━━━ RECORDS SUPPLIED ━━━
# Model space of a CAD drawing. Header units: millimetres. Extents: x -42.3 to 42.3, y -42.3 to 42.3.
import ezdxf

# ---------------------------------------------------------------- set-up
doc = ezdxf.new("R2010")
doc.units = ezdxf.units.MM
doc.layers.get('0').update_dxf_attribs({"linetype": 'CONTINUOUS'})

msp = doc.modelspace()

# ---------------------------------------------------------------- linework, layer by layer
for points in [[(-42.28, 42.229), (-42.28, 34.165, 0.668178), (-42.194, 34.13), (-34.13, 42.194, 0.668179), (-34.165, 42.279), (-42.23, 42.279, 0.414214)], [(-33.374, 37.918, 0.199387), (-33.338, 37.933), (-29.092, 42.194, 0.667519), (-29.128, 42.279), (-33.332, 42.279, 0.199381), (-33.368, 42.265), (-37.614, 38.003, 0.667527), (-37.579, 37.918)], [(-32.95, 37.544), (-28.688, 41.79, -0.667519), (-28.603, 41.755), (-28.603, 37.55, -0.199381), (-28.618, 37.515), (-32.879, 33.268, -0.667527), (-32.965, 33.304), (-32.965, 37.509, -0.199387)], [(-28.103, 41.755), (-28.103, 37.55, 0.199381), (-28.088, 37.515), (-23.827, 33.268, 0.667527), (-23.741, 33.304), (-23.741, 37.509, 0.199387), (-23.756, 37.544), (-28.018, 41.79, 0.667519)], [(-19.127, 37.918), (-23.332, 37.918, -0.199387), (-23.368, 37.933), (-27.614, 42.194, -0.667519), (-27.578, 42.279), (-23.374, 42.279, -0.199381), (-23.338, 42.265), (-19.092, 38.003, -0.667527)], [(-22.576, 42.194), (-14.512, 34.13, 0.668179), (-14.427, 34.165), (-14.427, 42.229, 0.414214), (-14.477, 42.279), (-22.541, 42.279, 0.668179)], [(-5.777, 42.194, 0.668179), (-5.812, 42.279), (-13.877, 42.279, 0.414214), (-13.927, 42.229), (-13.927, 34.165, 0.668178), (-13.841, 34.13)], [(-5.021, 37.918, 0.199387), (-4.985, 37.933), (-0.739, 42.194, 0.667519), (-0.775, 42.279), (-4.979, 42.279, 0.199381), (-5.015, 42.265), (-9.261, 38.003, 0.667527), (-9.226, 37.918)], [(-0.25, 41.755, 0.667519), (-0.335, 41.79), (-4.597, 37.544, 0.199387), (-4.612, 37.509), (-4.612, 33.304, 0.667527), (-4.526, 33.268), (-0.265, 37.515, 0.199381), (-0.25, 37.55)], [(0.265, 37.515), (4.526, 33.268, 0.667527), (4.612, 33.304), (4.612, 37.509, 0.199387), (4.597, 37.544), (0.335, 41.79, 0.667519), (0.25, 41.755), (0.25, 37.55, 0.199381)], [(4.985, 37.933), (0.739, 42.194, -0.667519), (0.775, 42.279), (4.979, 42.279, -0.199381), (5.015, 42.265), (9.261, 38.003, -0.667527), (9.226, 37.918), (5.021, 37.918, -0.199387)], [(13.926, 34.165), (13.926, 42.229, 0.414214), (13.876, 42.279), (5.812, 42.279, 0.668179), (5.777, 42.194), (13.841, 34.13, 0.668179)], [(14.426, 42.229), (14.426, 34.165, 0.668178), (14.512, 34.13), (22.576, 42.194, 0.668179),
━━━
» INSTRUCTIONS FOR THE TASK:
Using the data above, restate word for word the lines from its opening line through the line that contains "doc.units = ezdxf.units.MM", and no more.

» WORKED SOLUTION:
# Model space of a CAD drawing. Header units: millimetres. Extents: x -42.3 to 42.3, y -42.3 to 42.3.
import ezdxf

# ---------------------------------------------------------------- set-up
doc = ezdxf.new("R2010")
doc.units = ezdxf.units.MM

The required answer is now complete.